Step 1: Do your homework

  • You will likely have one shot at each startup. So prepare well. Unlike a big MNC where you can “fake it”, it’s hard to fool a startup. They check their practical knowledge and will see through any false claims.
  • Whatever is your area – tech, design, marketing or whatever – you need to actually know stuff. Bookish knowledge won’t impress the startups so make sure you have tried to implement things. If you’re an engineer – build applications and put them up on GitHub, if you’re a designer, upload your portfolio on Behance. Hope you got the drift.

Step 2: Find the startups that are hiring

This part is actually the easiest. Check out CutShort or AngelList to find the startups that are hiring.

But hey – don’t apply just yet. You will need to customize your pitch to each startup if you want to hear back from them in hours, not months.

Step 3: Make personalized applications

Yes, it’s unfortunate but startups get hundreds of half-hearted, irrelevant applications every day. (As an aside – this is why we built CutShort – to deliver a more personalized experience to job seekers and employers).

So the only way you will get noticed is by customizing your approach for each startup. Here are some pointers:

  • Study their website carefully – their product, their team, investors and so on.
  • Try their products- Most products have a demo or free trials these days. Check them out and note down your observations. What did you like? What can be improved?
  • Make yourself useful – Here’s a secret – no matter how big a startup is – it’s always facing a resource crunch. Offer to help them solve a specific problem you noticed in the steps 1 and 2 above. It’s hard for them to say no – if you have already researched them and offering to be helpful.

Here is a great example of personalized messaged I received recently:

Hi Nikunj

I believe CutShort has entrepreneurship in its DNA. A start-up yourself, you connect aspiring professionals with other start-ups. All this requires people who are proactive, keen on thinking out of the box and hungry for growth – personal, professional and organisation. That is the same attitude with which I always work.

Second, I’m a fast learner. A newly set up company like yours needs open-minded individuals who are eager to learn and grow so that they can go beyond the job description to truly add value. I think I can do just that.

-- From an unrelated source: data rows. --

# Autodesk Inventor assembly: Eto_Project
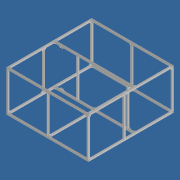
[picture p0: Inventor's stored thumbnail of the model, 180x180]
Saved by Autodesk Inventor 2020 (Build 240168000, 168)
## iProperties
Created: 2021-06-15
Part Number: Eto_Project
Description: CAx-IF Rec.Pracs.---Model Styling and Organization---1.2---2011-12-15
Document SubType Name: Assembly
Designer: ken113
Sending System: 3D_Kernel_IO2017 Sp2 by CT CoreTechnologie
Preprocessor: STEP Interface 2017 Sp2 by CT CoreTechnologie
Title: Eto_Project.stp
## Documents named in this file (68)
- D:\Document\Github\Eto_Project\Hardware\Asem\FRAMES\FramesEto_Project.iam
- D:\Document\Github\Eto_Project\Hardware\Asem\FRAMES\FramesHFS6-3030-1500.ipt
- D:\Document\Github\Eto_Project\Hardware\Asem\FRAMES\FramesHFS6-3030-690.ipt
- D:\Document\Github\Eto_Project\Hardware\Asem\FRAMES\FramesHBLFSN6-SET(1).iam
- D:\Document\Github\Eto_Project\Hardware\Asem\FRAMES\FramesHBLFSN6-SET(2).iam
- D:\Document\Github\Eto_Project\Hardware\Asem\FRAMES\FramesHBLFSN6-SET(3).iam
- D:\Document\Github\Eto_Project\Hardware\Asem\FRAMES\FramesHBLFSN6-SET(4).iam
- D:\Document\Github\Eto_Project\Hardware\Asem\FRAMES\FramesHBLFSN6-SET(5).iam
- D:\Document\Github\Eto_Project\Hardware\Asem\FRAMES\FramesHBLFSN6-SET(6).iam
- D:\Document\Github\Eto_Project\Hardware\Asem\FRAMES\FramesHBLFSN6-SET(7).iam
- D:\Document\Github\Eto_Project\Hardware\Asem\FRAMES\FramesHBLFSN6-SET(8).iam
- D:\Document\Github\Eto_Project\Hardware\Asem\FRAMES\FramesHBLFSN6-SET(9).iam
- D:\Document\Github\Eto_Project\Hardware\Asem\FRAMES\FramesHBLFSN6-SET(10).iam
- D:\Document\Github\Eto_Project\Hardware\Asem\FRAMES\FramesHBLFSN6-SET(11).iam
- D:\Document\Github\Eto_Project\Hardware\Asem\FRAMES\FramesHBLFSN6-SET(12).iam
- D:\Document\Github\Eto_Project\Hardware\Asem\FRAMES\FramesHBLFSN6-SET(13).iam
- D:\Document\Github\Eto_Project\Hardware\Asem\FRAMES\FramesHBLFSN6-SET(14).iam
- D:\Document\Github\Eto_Project\Hardware\Asem\FRAMES\FramesHBLFSN6-SET(15).iam
- D:\Document\Github\Eto_Project\Hardware\Asem\FRAMES\FramesHBLFSN6-SET(16).iam
- D:\Document\Github\Eto_Project\Hardware\Asem\FRAMES\FramesHBLFSN6-SET(17).iam
- D:\Document\Github\Eto_Project\Hardware\Asem\FRAMES\FramesHBLFSN6-SET(18).iam
- D:\Document\Github\Eto_Project\Hardware\Asem\FRAMES\FramesHBLFSN6-SET(19).iam
- D:\Document\Github\Eto_Project\Hardware\Asem\FRAMES\FramesHBLFSN6-SET(20).iam
- D:\Document\Github\Eto_Project\Hardware\Asem\FRAMES\FramesHBLFSN6-SET(21).iam
- D:\Document\Github\Eto_Project\Hardware\Asem\FRAMES\FramesHBLFSN6-SET(22).iam
- D:\Document\Github\Eto_Project\Hardware\Asem\FRAMES\FramesHBLFSN6-SET(23).iam
- D:\Document\Github\Eto_Project\Hardware\Asem\FRAMES\FramesHBLFSN6-SET(24).iam
- D:\Document\Github\Eto_Project\Hardware\Asem\FRAMES\FramesHFS6-3030-1440.ipt
- D:\Document\Github\Eto_Project\Hardware\Asem\FRAMES\FramesHBLFSN6-SET(25).iam
- D:\Document\Github\Eto_Project\Hardware\Asem\FRAMES\FramesHBLFSN6-SET(26).iam
- D:\Document\Github\Eto_Project\Hardware\Asem\FRAMES\FramesHBLFSN6-SET(27).iam
- D:\Document\Github\Eto_Project\Hardware\Asem\FRAMES\FramesHBLFSN6-SET(28).iam
- D:\Document\Github\Eto_Project\Hardware\Asem\FRAMES\FramesHBLFSN6-SET(29).iam
- D:\Document\Github\Eto_Project\Hardware\Asem\FRAMES\FramesHBLFSN6-SET(30).iam
- D:\Document\Github\Eto_Project\Hardware\Asem\FRAMES\FramesHBLFSN6-SET(31).iam
- D:\Document\Github\Eto_Project\Hardware\Asem\FRAMES\FramesHBLFSN6-SET(32).iam
- D:\Document\Github\Eto_Project\Hardware\Asem\FRAMES\FramesHBLFSN6-SET(33).iam
- D:\Document\Github\Eto_Project\Hardware\Asem\FRAMES\FramesHBLFSN6-SET(34).iam
- D:\Document\Github\Eto_Project\Hardware\Asem\FRAMES\FramesHBLFSN6-SET(35).iam
- D:\Document\Github\Eto_Project\Hardware\Asem\FRAMES\FramesHBLFSN6-SET(36).iam
- D:\Document\Github\Eto_Project\Hardware\Asem\FRAMES\FramesHFS6-3030-650.ipt
- D:\Document\Github\Eto_Project\Hardware\Asem\FRAMES\FramesHBLFSN6-SET(37).iam
- D:\Document\Github\Eto_Project\Hardware\Asem\FRAMES\FramesHBLFSN6-SET(38).iam
- D:\Document\Github\Eto_Project\Hardware\Asem\FRAMES\FramesHBLFSN6-SET(39).iam
- D:\Document\Github\Eto_Project\Hardware\Asem\FRAMES\FramesHBLFSN6-SET(40).iam
- D:\Document\Github\Eto_Project\Hardware\Asem\FRAMES\FramesHBLFSN6-SET(41).iam
- D:\Document\Github\Eto_Project\Hardware\Asem\FRAMES\FramesHBLFSN6-SET(42).iam
- D:\Document\Github\Eto_Project\Hardware\Asem\FRAMES\FramesHBLFSN6-SET(43).iam
- D:\Document\Github\Eto_Project\Hardware\Asem\FRAMES\FramesHBLFSN6-SET(44).iam
- D:\Document\Github\Eto_Project\Hardware\Asem\FRAMES\FramesHBLFSN6-SET(45).iam
- D:\Document\Github\Eto_Project\Hardware\Asem\FRAMES\FramesHFS6-3030-820.ipt
- D:\Document\Github\Eto_Project\Hardware\Asem\FRAMES\FramesHBLFSN6-SET(46).iam
- D:\Document\Github\Eto_Project\Hardware\Asem\FRAMES\FramesHBLFSN6-SET(47).iam
- D:\Document\Github\Eto_Project\Hardware\Asem\FRAMES\FramesHBLFSN6-SET(48).iam
- D:\Document\Github\Eto_Project\Hardware\Asem\FRAMES\FramesHBLFSN6-SET(49).iam
- D:\Document\Github\Eto_Project\Hardware\Asem\FRAMES\FramesHBLFSN6-SET(50).iam
- D:\Document\Github\Eto_Project\Hardware\Asem\FRAMES\FramesHBLFSN6-SET(51).iam
- D:\Document\Github\Eto_Project\Hardware\Asem\FRAMES\FramesHBLFSN6-SET(52).iam
- D:\Document\Github\Eto_Project\Hardware\Asem\FRAMES\FramesHBLFSN6-SET(53).iam
- D:\Document\Github\Eto_Project\Hardware\Asem\FRAMES\FramesHBLFSN6-SET(54).iam
- D:\Document\Github\Eto_Project\Hardware\Asem\FRAMES\FramesHBLFSN6-SET(55).iam
- D:\Document\Github\Eto_Project\Hardware\Asem\FRAMES\FramesHBLFSN6-SET(56).iam
- D:\Document\Github\Eto_Project\Hardware\Asem\FRAMES\FramesHBLFSN6-SET(57).iam
- D:\Document\Github\Eto_Project\Hardware\Asem\FRAMES\FramesHBLFSN6-SET(58).iam
- D:\Document\Github\Eto_Project\Hardware\Asem\FRAMES\FramesHBLFSN6-SET(59).iam
- D:\Document\Github\Eto_Project\Hardware\Asem\FRAMES\FramesHBLFSN6-SET(60).iam
- D:\Document\Github\Eto_Project\Hardware\Asem\FRAMES\FramesHBLFSN6-SET(61).iam
- D:\Document\Github\Eto_Project\Hardware\Asem\FRAMES\FramesHBLFSN6-SET(62).iam
## Components (84 placed, 67 different names)
1. HFS6-3030-1500
2. HFS6-3030-690
3. HBLFSN6-SET(1) [sub-assembly]
4. HFS6-3030-690:1
5. HBLFSN6-SET(2) [sub-assembly]
6. HFS6-3030-1500:1
7. HBLFSN6-SET(3) [sub-assembly]
8. HBLFSN6-SET(4) [sub-assembly]
9. HFS6-3030-1500:2 — フラッシュ:3, メイト:3, フラッシュ:4
10. HBLFSN6-SET(5) [sub-assembly]
11. HBLFSN6-SET(6) [sub-assembly]
12. HFS6-3030-1500:3
13. HBLFSN6-SET(7) [sub-assembly]
14. HBLFSN6-SET(8) [sub-assembly]
15. HFS6-3030-1500:4
16. HBLFSN6-SET(9) [sub-assembly]
17. HBLFSN6-SET(10) [sub-assembly]
18. HFS6-3030-1500:5 — フラッシュ:5, メイト:4
19. HBLFSN6-SET(11) [sub-assembly]
20. HBLFSN6-SET(12) [sub-assembly]
21. HFS6-3030-1500:6
22. HBLFSN6-SET(13) [sub-assembly]
23. HBLFSN6-SET(14) [sub-assembly]
24. HFS6-3030-1500:7
25. HBLFSN6-SET(15) [sub-assembly]
26. HBLFSN6-SET(16) [sub-assembly]
27. HFS6-3030-690:2
28. HBLFSN6-SET(17) [sub-assembly]
29. HBLFSN6-SET(18) [sub-assembly]
30. HBLFSN6-SET(19) [sub-assembly]
31. HBLFSN6-SET(20) [sub-assembly]
32. HFS6-3030-690:3
33. HBLFSN6-SET(21) [sub-assembly]
34. HBLFSN6-SET(22) [sub-assembly]
35. HBLFSN6-SET(23) [sub-assembly]
36. HBLFSN6-SET(24) [sub-assembly]
37. HFS6-3030-1440 — フラッシュ:1
38. HBLFSN6-SET(25) [sub-assembly]
39. HBLFSN6-SET(26) [sub-assembly]
40. HBLFSN6-SET(27) [sub-assembly]
41. HBLFSN6-SET(28) [sub-assembly]
42. HFS6-3030-690:4 — フラッシュ:5, メイト:4, フラッシュ:6
43. HBLFSN6-SET(29) [sub-assembly]
44. HBLFSN6-SET(30) [sub-assembly]
45. HBLFSN6-SET(31) [sub-assembly]
46. HBLFSN6-SET(32) [sub-assembly]
47. HFS6-3030-1440:1 — メイト:1, メイト:2, フラッシュ:2
48. HBLFSN6-SET(33) [sub-assembly]
49. HBLFSN6-SET(34) [sub-assembly]
50. HBLFSN6-SET(35) [sub-assembly]
51. HBLFSN6-SET(36) [sub-assembly]
52. HFS6-3030-650
53. HBLFSN6-SET(37) [sub-assembly]
54. HBLFSN6-SET(38) [sub-assembly]
55. HBLFSN6-SET(39) [sub-assembly]
56. HBLFSN6-SET(40) [sub-assembly]
57. HFS6-3030-690:5
58. HBLFSN6-SET(41) [sub-assembly]
59. HBLFSN6-SET(42) [sub-assembly]
60. HBLFSN6-SET(43) [sub-assembly]
61. HBLFSN6-SET(44) [sub-assembly]
62. HBLFSN6-SET(45) [sub-assembly]
63. HFS6-3030-820
64. HBLFSN6-SET(46) [sub-assembly]
65. HBLFSN6-SET(47) [sub-assembly]
66. HBLFSN6-SET(48) [sub-assembly]
67. HBLFSN6-SET(49) [sub-assembly]
68. HFS6-3030-690:6
69. HBLFSN6-SET(50) [sub-assembly]
70. HBLFSN6-SET(51) [sub-assembly]
71. HBLFSN6-SET(52) [sub-assembly]
72. HBLFSN6-SET(53) [sub-assembly]
73. HBLFSN6-SET(54) [sub-assembly]
74. HFS6-3030-690:8 — メイト:2, フラッシュ:2, フラッシュ:3
75. HBLFSN6-SET(59) [sub-assembly]
76. HBLFSN6-SET(60) [sub-assembly]
77. HBLFSN6-SET(61) [sub-assembly]
78. HBLFSN6-SET(62) [sub-assembly]
79. HFS6-3030-690:9 — メイト:3, フラッシュ:4, フラッシュ:6
80. HFS6-3030-690:7 — フラッシュ:1, メイト:1
81. HBLFSN6-SET(55) [sub-assembly]
82. HBLFSN6-SET(56) [sub-assembly]
83. HBLFSN6-SET(57) [sub-assembly]
84. HBLFSN6-SET(58) [sub-assembly]
## Relationships (10: Flush 6, Mate 4)
- フラッシュ:1 [Flush]: HFS6-3030-1440 ↔ HFS6-3030-690:7
- メイト:1 [Mate]: HFS6-3030-1440:1 ↔ HFS6-3030-690:7
- メイト:2 [Mate]: HFS6-3030-1440:1 ↔ HFS6-3030-690:8
- フラッシュ:2 [Flush]: HFS6-3030-1440:1 ↔ HFS6-3030-690:8
- フラッシュ:3 [Flush] (130 mm): HFS6-3030-1500:2 ↔ HFS6-3030-690:8
- メイト:3 [Mate]: HFS6-3030-1500:2 ↔ HFS6-3030-690:9
- フラッシュ:4 [Flush]: HFS6-3030-1500:2 ↔ HFS6-3030-690:9
- フラッシュ:5 [Flush]: HFS6-3030-1500:5 ↔ HFS6-3030-690:4
- メイト:4 [Mate]: HFS6-3030-1500:5 ↔ HFS6-3030-690:4
- フラッシュ:6 [Flush]: HFS6-3030-690:4 ↔ HFS6-3030-690:9

Third, I’m not afraid to try new things. Only risk begets reward. You took a risk when establishing SocialHelpouts, and it’s been rewarding.

Fourth, I have an eye for detail which is what you would expect from a content marketer. For instance, did you know that one of the questions on your FAQ page has a missing ‘v’, making it ‘improe’ instead of ‘improve’?

Step 4: Give your best and be professional in interviews

If you have followed all the steps above, then you should have some startups interested in you.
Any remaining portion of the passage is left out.